ERR@HRI 3.0: Multimodal Detection of Errors and Anticipation in Human-Robot Interactions
When: October 5, 2026
ICMI '26, Naples, Italy
When: October 5, 2026
ICMI '26, Naples, Italy
Register as a participant in this challenge in the Registration tab (available March 15)
As robots become increasingly integrated into human environments, their ability to detect and respond to errors remains critical for maintaining user trust and interaction quality. While recent advances in machine learning have improved error detection capabilities, most approaches are limited to specific contexts, controlled settings, or pre-extracted features, limiting their generalizability and applicability to real-world conditions. To address this challenge, the third edition of the ERR@HRI Challenge (ERR@HRI 3.0) provides researchers with two complementary datasets that enable end-to-end innovation in methods for both detecting and preventing errors in human-robot interaction.
The challenge offers raw, non-anonymized video data from naturalistic settings: (1) the Bystander Affect Detection (BAD) dataset, containing webcam recordings of 45 participants' spontaneous reactions to robot and human failure scenarios; and (2) the Bad Idea dataset, featuring 29 participants' anticipatory facial responses while predicting action outcomes before failures occur. Both datasets were collected via crowdsourcing, capturing the inherent variability of real-world conditions - diverse lighting, camera angles, participant positioning, and environmental contexts. This naturalistic variability, while challenging, provides an authentic testbed for developing robust error detection systems.
Participants are invited to develop machine learning models that can generalize across these diverse contexts and temporal stages. Submissions will be evaluated on standard classification metrics (e.g. F1-score) with consideration for real-world deployment constraints. This challenge is a step toward developing robust error detection and prevention systems that can operate in the variable conditions of real-world human-robot collaboration.
Registration opening: March 15, 2026
Training and development sets available: March 15, 2026
Baseline code and evaluation scripts available: May 1, 2026
Test sets available: June 1, 2026
Final code and results submission: June 8, 2026
Paper submission deadline: June 15, 2026
Notification of acceptance: July 8, 2026
Camera-ready paper: August 2, 2026 (hard deadline)
Challenge day: October 5, 2026
The ERR@HRI 3.0 Challenge will consist of three sub-challenges:
Track 1: Bystander Reaction Detection (BAD Dataset).
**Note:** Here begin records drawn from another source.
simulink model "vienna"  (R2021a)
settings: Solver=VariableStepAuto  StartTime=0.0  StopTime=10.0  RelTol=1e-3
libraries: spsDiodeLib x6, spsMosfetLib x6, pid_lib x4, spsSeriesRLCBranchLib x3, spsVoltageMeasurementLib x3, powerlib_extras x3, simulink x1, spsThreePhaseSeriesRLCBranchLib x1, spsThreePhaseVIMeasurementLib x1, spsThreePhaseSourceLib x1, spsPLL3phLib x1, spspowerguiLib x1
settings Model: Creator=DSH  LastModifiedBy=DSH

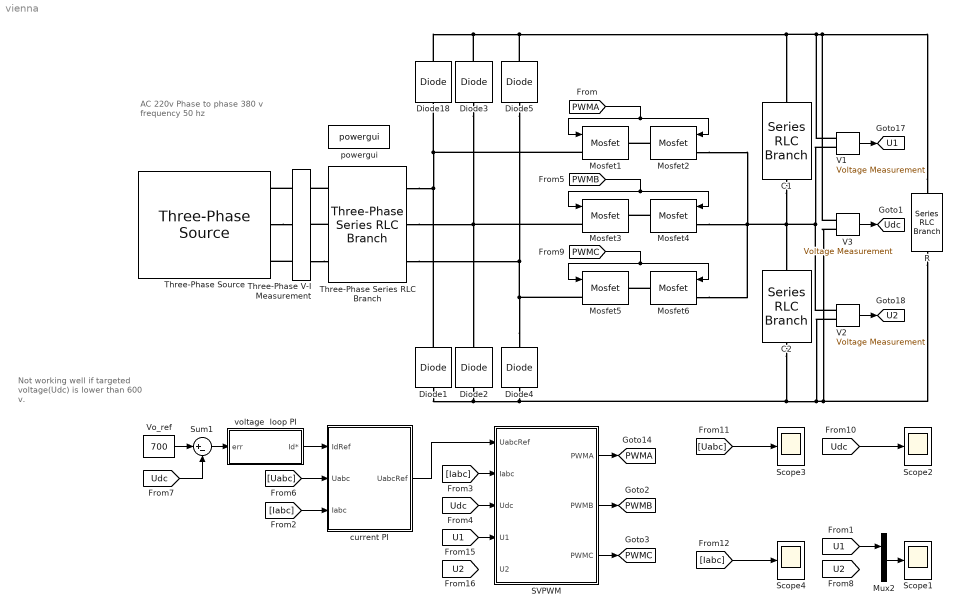
== system vienna ==
  note: AC 220v
      | Phase to phase 380 v
      | frequency 50 hz
  note: Not working well if
      | targeted voltage(Udc)
      | is lower than 600 v.
  C1 : spsSeriesRLCBranchLib/Series RLC Branch  LConnTagsString=__new0  RConnTagsString=__new0  BranchType=C  Resistance=0.1  Inductance=1e-3  SetiL0=off  InitialCurrent=0  Capacitance=1087e-6  Setx0=on  InitialVoltage=0  Measurements=None
  C2 : spsSeriesRLCBranchLib/Series RLC Branch  LConnTagsString=__new0  RConnTagsString=__new0  BranchType=C  Resistance=0.1  Inductance=1e-3  SetiL0=off  InitialCurrent=0  Capacitance=1087e-6  Setx0=on  InitialVoltage=0  Measurements=None
  Diode{1..5,18} (6 alike) : spsDiodeLib/Diode  Ron=0.001  Lon=0  Vf=0.8  IC=0  UseSnubber=off  Rs=500  Cs=250e-9  Measurements=off
  Mosfet{1..6} (6 alike) : spsMosfetLib/Mosfet  Ron=0.1  Lon=0  Rd=0.01  Vfd=0  IC=0  Rs=1e5  Cs=inf  Measurements=off
  Mux2 : Mux  Inputs=2
  R : spsSeriesRLCBranchLib/Series RLC Branch  LConnTagsString=__new0  RConnTagsString=__new0  BranchType=R  Resistance=10  Inductance=1e-3  SetiL0=off  InitialCurrent=0  Capacitance=100e-6  Setx0=off  InitialVoltage=0  Measurements=None
  SVPWM : Subsystem
  Scope{1..4} (4 alike) : Scope
  Sum1 : Sum  Inputs=|+-  SampleTime=1e-5
  Three-Phase Series RLC Branch : spsThreePhaseSeriesRLCBranchLib/Three-Phase Series RLC Branch  LConnTagsString=A|B|C  RConnTagsString=A|B|C  BranchType=L  Resistance=0.05  Inductance=0.406e-3  Capacitance=1e-6  Measurements=None
  Three-Phase V-I Measurement : spsThreePhaseVIMeasurementLib/Three-Phase V-I Measurement  VoltageMeasurement=phase-to-ground  SetLabelV=on  LabelV=Uabc  Vpu=off  VpuLL=off  CurrentMeasurement=yes  SetLabelI=on  LabelI=Iabc  Ipu=off  Pbase=100e6  Vbase=500e3  OutputType=Complex  PhasorSimulation=off  PSBequivalent=0
  Three-Phase Source : spsThreePhaseSourceLib/Three-Phase Source  InternalConnection=Yg  VoltagePhases=off  Voltage=380  PhaseAngle=0  Voltage_phases=[25e3 25e3 25e3]/sqrt(3)  PhaseAngles_phases=[0 -120 +120]  Frequency=50  NonIdealSource=on  SpecifyImpedance=off  Resistance=0.000001  Inductance=0  ShortCircuitLevel=100e6  BaseVoltage=25e3  XRratio=7  BusType=swing  Pref=0  Qref=0  Prefabc=[10e3, 10e3, 10e3]  Qrefabc=[0, 0, 0]  Qmin=-inf  Qmax=inf
  V1 : spsVoltageMeasurementLib/Voltage Measurement  PhasorSimulation=off  OutputType=Complex  PSBequivalent=0
  V2 : spsVoltageMeasurementLib/Voltage Measurement  PhasorSimulation=off  OutputType=Complex  PSBequivalent=0
  V3 : spsVoltageMeasurementLib/Voltage Measurement  PhasorSimulation=off  OutputType=Complex  PSBequivalent=0
  Vo_ref : Constant  Value=700
  current PI : Subsystem
  powergui : spspowerguiLib/powergui  Priority=1  SimulationMode=Discrete  SampleTime=1e-7  frequency=60  Iterations=50  frequencyindice=0  Pbase=100e6  ErrMax=1e-4  UnitsV=kV  UnitsW=MW  buscounter=0  FunctionMessages=off  echomessages=off  EnableUseOfTLC=off  CurrentSourceSwitches=off  DisableSnubberDevices=off  DisableRonSwitches=off  DisableVfSwitches=off  DisplayEquations=off  AutomaticDiscreteSolvers=off  SolverType=Tustin  Interpol=off  ExternalGateDelay=off  methode=off  Ts=0  x0status=blocks  SPID=off  SwTol=0  HookPort=off  NonlinearTolerance=1e-4  nMaxIteration=100  ContinueOnMaxIteration=off  RestoreLinks=warning  ResistiveCurrentMeasurement=off  Frange=[0:2:500]  Ylog=off  Xlog=on  ShowGrid=off  save=off  variable=ZData  structure=output  ZoomFFT=off  StartTime=0.1  cycles=20  DisplayStyle=1  fundamental=400  FreqAxis=off  MaxFrequency=20000  frequencyindicesteady=1  RmsSteady=1  display=off
  voltage  loop PI : Subsystem
      mask Display: disp('PI')
  tag scope: PWMA=global, PWMB=global, PWMC=global, U1=global, U2=global, Udc=global
  wires:
  [Iabc] -> Scope4/1
  [Iabc] -> SVPWM/2(Iabc)
  [Iabc] -> current PI/3(Iabc)
  Sum1/1 -> voltage  loop PI/1(err)
  [Uabc] -> Scope3/1
  [U1] -> Mux2/1
  [U1] -> SVPWM/4(U1)
  SVPWM/1(PWMA) -> [PWMA]
  Mux2/1 -> Scope1/1
  [Udc] -> Scope2/1
  V3/1 -> [Udc]
  [PWMB] -> Mosfet4/1, Mosfet3/1
  [PWMC] -> Mosfet5/1, Mosfet6/1
  [PWMA] -> Mosfet1/1, Mosfet2/1
  voltage  loop PI/1(Id*) -> current PI/1(IdRef)
  [Udc] -> SVPWM/3(Udc)
  [Uabc] -> current PI/2(Uabc)
  V2/1 -> [U2]
  Vo_ref/1 -> Sum1/1
  SVPWM/2(PWMB) -> [PWMB]
  [Udc] -> Sum1/2
  SVPWM/3(PWMC) -> [PWMC]
  V1/1 -> [U1]
  current PI/1(UabcRef) -> SVPWM/1(UabcRef)
  connections:
  R/LConn1 -- Diode5/RConn1 -- Diode18/RConn1 -- Diode3/RConn1 -- C1/LConn1 -- V1/LConn1 -- V3/LConn1
  Three-Phase Series RLC Branch/RConn1 -- Diode1/RConn1 -- Mosfet1/LConn1 -- Diode18/LConn1
  Diode4/LConn1 -- Diode1/LConn1 -- Diode2/LConn1 -- C2/RConn1 -- V2/LConn2 -- R/RConn1 -- V3/LConn2
  Three-Phase Series RLC Branch/RConn2 -- Diode3/LConn1 -- Mosfet3/LConn1 -- Diode2/RConn1
  V1/LConn2 -- Mosfet2/LConn1 -- Mosfet6/LConn1 -- Mosfet4/LConn1 -- C2/LConn1 -- C1/RConn1 -- V2/LConn1
  Diode4/RConn1 -- Diode5/LConn1 -- Three-Phase Series RLC Branch/RConn3 -- Mosfet5/LConn1
  Three-Phase Series RLC Branch/LConn1 -- Three-Phase V-I Measurement/RConn1
  Mosfet4/RConn1 -- Mosfet3/RConn1
  Mosfet6/RConn1 -- Mosfet5/RConn1
  Mosfet2/RConn1 -- Mosfet1/RConn1
  Three-Phase V-I Measurement/LConn1 -- Three-Phase Source/RConn1
  Three-Phase V-I Measurement/RConn3 -- Three-Phase Series RLC Branch/LConn3
  Three-Phase Series RLC Branch/LConn2 -- Three-Phase V-I Measurement/RConn2
  Three-Phase Source/RConn2 -- Three-Phase V-I Measurement/LConn2
  Three-Phase V-I Measurement/LConn3 -- Three-Phase Source/RConn3

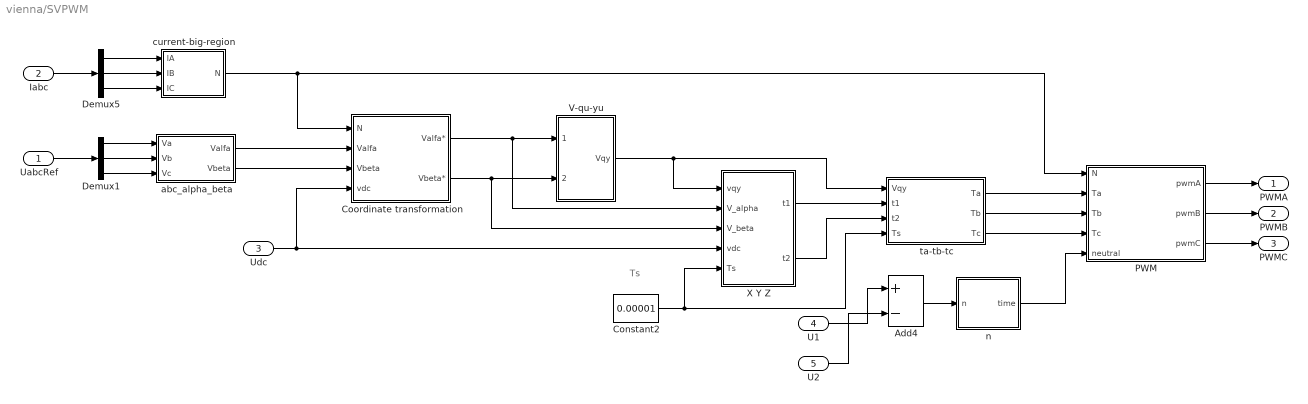
== system vienna/SVPWM ==
  note: Ts
  UabcRef : Inport
  Iabc : Inport  Port=2
  Udc : Inport  Port=3
  U1 : Inport  Port=4
  U2 : Inport  Port=5
  Add4 : Sum  Inputs=+-
  Constant2 : Constant  Value=0.00001
  Coordinate transformation : Subsystem
  Demux1 : Demux  Outputs=3
  Demux5 : Demux  Outputs=3
  PWM : Subsystem
  "V-qu-yu " : Subsystem
  X Y Z : Subsystem
  abc_alpha_beta : Subsystem
  current-big-region : Subsystem
  n : Subsystem
  ta-tb-tc : Subsystem
  PWMA : Outport
  PWMB : Outport  Port=2
  PWMC : Outport  Port=3
  wires:
  Demux1/3 -> abc_alpha_beta/3(Vc)
  Demux1/2 -> abc_alpha_beta/2(Vb)
  Demux1/1 -> abc_alpha_beta/1(Va)
  Demux5/2 -> current-big-region/2(IB)
  Demux5/1 -> current-big-region/1(IA)
  Demux5/3 -> current-big-region/3("IC ")
  abc_alpha_beta/2(Vbeta) -> Coordinate transformation/3("Vbeta ")
  Udc/1 -> X Y Z/4(vdc), Coordinate transformation/4(vdc)
  Coordinate transformation/2(Vbeta*) -> "V-qu-yu "/2(Vbeta*), X Y Z/3(V_beta)
  Coordinate transformation/1(Valfa*) -> "V-qu-yu "/1(Valfa*), X Y Z/2(V_alpha)
  Constant2/1 -> X Y Z/5(Ts), ta-tb-tc/4(Ts)
  X Y Z/1(t1) -> ta-tb-tc/2(t1)
  X Y Z/2(t2) -> ta-tb-tc/3(t2)
  ta-tb-tc/2(Tb) -> PWM/3(Tb)
  ta-tb-tc/3(Tc) -> PWM/4(Tc)
  current-big-region/1("N ") -> Coordinate transformation/1(N), PWM/1(N)
  "V-qu-yu "/1("Vqy ") -> ta-tb-tc/1(Vqy), X Y Z/1(vqy)
  ta-tb-tc/1(Ta) -> PWM/2(Ta)
  abc_alpha_beta/1(Valfa) -> Coordinate transformation/2(Valfa)
  Iabc/1 -> Demux5/1
  UabcRef/1 -> Demux1/1
  n/1(time) -> PWM/5(neutral)
  Add4/1 -> n/1(n)
  U1/1 -> Add4/1
  U2/1 -> Add4/2
  PWM/1(pwmA) -> PWMA/1
  PWM/2(pwmB) -> PWMB/1
  PWM/3(pwmC) -> PWMC/1

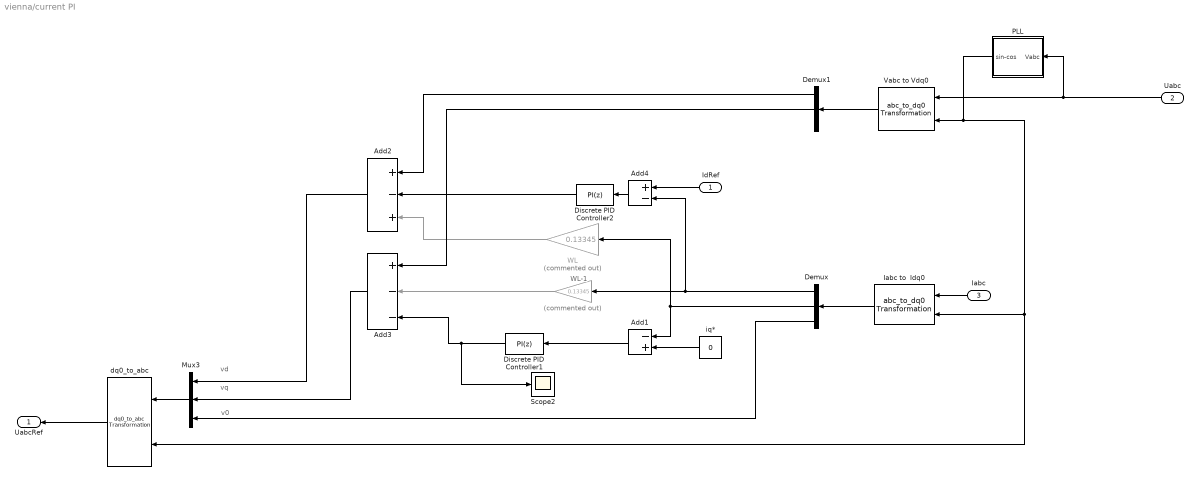
== system vienna/current PI ==
  note: v0
  note: vq
  note: vd
  note: WL-1
  IdRef : Inport
  Uabc : Inport  Port=2
  Iabc : Inport  Port=3
  " " : Gain  Commented=on  Gain=0.13345
  " WL" : Gain  Commented=on  Gain=0.13345
  Add1 : Sum  Inputs=-+
  Add2 : Sum  Inputs=+-+
  Add3 : Sum  Inputs=+--
  Add4 : Sum  Inputs=+-
  Demux : Demux  Outputs=3
  Demux1 : Demux  Outputs=3
  Discrete PID Controller1 : pid_lib/PID Controller  Controller=PI  Form=Parallel  TimeDomain=Discrete-time  UseExternalTs=off  SampleTime=1e-5  IntegratorMethod=Forward Euler  FilterMethod=Forward Euler  ControllerParametersSource=internal  P=0.1  I=100  D=0  UseFilter=on  N=100  TunerSelectOption=Transfer Function Based (PID Tuner App)  InitialConditionSource=internal  InitialConditionForIntegrator=0  InitialConditionForFilter=0  DifferentiatorICPrevScaledInput=0  ExternalReset=none  TrackingMode=off  Kt=1  LimitOutput=on  SatLimitsSource=internal  UpperSaturationLimit=600  LowerSaturationLimit=-600  LinearizeAsGain=off  AntiWindupMode=none  Kb=1  POutMin=[]  POutMax=[]  IOutMin=[]  IOutMax=[]  DOutMin=[]  DOutMax=[]  NOutMin=[]  NOutMax=[]  SumOutMin=[]  SumOutMax=[]  SaturationOutMin=[]  SaturationOutMax=[]  PParamMin=[]  PParamMax=[]  IParamMin=[]  IParamMax=[]  DParamMin=[]  DParamMax=[]  NParamMin=[]  NParamMax=[]  KbParamMin=[]  KbParamMax=[]  KtParamMin=[]  KtParamMax=[]  KbOutMin=[]  KbOutMax=[]  KtOutMin=[]  KtOutMax=[]  IntegratorOutMin=[]  IntegratorOutMax=[]  FilterOutMin=[]  FilterOutMax=[]  SumI1OutMin=[]  SumI1OutMax=[]  SumI2OutMin=[]  SumI2OutMax=[]  SumI3OutMin=[]  SumI3OutMax=[]  SumI4OutMin=[]  SumI4OutMax=[]  SumDOutMin=[]  SumDOutMax=[]  DifferentiatorOutMin=[]  DifferentiatorOutMax=[]  FilterDiffOutCoefMin=[]  FilterDiffOutCoefMax=[]  ReciprocalOutMin=[]  ReciprocalOutMax=[]  SumDenOutMin=[]  SumDenOutMax=[]  SumNumOutMin=[]  SumNumOutMax=[]  DivideOutMin=[]  DivideOutMax=[]  UdiffTsProdOutMin=[]  UdiffTsProdOutMax=[]  NTsProdOutMin=[]  NTsProdOutMax=[]  UintegralTsProdOutMin=[]  UintegralTsProdOutMax=[]  UngainTsProdOutMin=[]  UngainTsProdOutMax=[]  IntegratorContinuousStateAttributes=''  IntegratorStateMustResolveToSignalObject=off  IntegratorRTWStateStorageClass=Auto  FilterContinuousStateAttributes=''  FilterStateMustResolveToSignalObject=off  FilterRTWStateStorageClass=Auto  ParallelPVariant=InternalParameters  IdealPVariant=Disabled  IVariant=InternalParameters  DVariant=Disabled  IntegratorVariant=Discrete  SatVariant=Enabled  AWVariant=Passthrough  PCopyVariant=Disabled  TRVariant=Disabled  FdbkBlocksVariant=Forward  IdealPFdbkVariant=Disabled  SatFdbkVariant=Disabled  DerivativeFilterVariant=Disabled  NVariant=Disabled  NCopyVariant=Disabled_SignalSpec  FilterICVariant=Disabled  IntegratorICVariant=InternalICs  ExternalResetVariant=Disabled  TRSumVariant=Passthrough  SumFdbkVariant=Disabled  SumVariant=Sum_PI  TsampFilterVariant=InternalTs  TsampNgainVariant=Passthrough  TsampIntegralVariant=Passthrough  ExternalSaturationOutDataTypeStr=Inherit: Same as second input
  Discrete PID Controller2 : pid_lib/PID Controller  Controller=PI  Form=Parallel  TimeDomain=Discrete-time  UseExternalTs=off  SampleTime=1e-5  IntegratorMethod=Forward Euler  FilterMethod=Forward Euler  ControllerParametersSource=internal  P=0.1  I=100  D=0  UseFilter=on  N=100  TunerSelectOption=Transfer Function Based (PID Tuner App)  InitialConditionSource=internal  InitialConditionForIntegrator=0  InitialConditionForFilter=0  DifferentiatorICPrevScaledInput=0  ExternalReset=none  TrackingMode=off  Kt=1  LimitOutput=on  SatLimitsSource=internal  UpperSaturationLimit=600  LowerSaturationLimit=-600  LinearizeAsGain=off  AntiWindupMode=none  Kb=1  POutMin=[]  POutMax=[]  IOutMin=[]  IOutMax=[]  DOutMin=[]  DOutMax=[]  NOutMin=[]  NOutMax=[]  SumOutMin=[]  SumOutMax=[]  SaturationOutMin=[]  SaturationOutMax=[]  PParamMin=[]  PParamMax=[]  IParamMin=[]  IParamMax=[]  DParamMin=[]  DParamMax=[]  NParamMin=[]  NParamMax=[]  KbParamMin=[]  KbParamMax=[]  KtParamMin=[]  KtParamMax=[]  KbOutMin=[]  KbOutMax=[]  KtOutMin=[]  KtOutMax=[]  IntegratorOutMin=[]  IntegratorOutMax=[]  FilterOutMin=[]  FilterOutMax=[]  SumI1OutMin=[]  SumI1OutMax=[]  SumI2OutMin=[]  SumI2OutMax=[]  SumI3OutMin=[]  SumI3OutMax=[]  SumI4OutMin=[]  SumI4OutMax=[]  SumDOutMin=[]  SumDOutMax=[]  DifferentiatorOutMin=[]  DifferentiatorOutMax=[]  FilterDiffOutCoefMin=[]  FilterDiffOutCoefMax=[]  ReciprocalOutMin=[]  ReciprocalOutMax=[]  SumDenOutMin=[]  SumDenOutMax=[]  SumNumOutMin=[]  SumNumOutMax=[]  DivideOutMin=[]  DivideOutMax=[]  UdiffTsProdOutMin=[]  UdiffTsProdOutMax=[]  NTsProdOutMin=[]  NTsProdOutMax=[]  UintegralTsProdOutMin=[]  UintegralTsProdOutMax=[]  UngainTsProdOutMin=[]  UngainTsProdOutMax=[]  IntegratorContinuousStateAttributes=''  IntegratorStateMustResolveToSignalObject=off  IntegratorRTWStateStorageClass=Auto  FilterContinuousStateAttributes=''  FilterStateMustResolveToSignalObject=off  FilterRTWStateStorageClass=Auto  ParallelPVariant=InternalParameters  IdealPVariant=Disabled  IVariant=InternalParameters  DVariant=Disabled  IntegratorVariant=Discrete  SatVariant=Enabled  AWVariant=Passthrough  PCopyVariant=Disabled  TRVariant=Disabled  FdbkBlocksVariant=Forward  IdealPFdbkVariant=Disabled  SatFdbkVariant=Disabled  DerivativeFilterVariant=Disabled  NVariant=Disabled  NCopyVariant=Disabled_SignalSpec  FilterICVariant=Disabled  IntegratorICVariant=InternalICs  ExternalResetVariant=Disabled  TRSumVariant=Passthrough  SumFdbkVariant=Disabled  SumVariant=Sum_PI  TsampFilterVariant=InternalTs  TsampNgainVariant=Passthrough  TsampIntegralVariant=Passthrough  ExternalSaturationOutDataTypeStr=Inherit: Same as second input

Binary classification of whether the participant is observing a failure (vs. control scenario).
Track 2: Anticipatory Response Prediction (Bad Idea Dataset). Binary classification of participants’ predicted outcome (well/poorly) from their anticipatory behavior.
Cross-Dataset Generalization (Optional). Participants are encouraged to explore transfer learning and generalization across datasets, e.g. train on BAD dataset and test on Bad Idea dataset.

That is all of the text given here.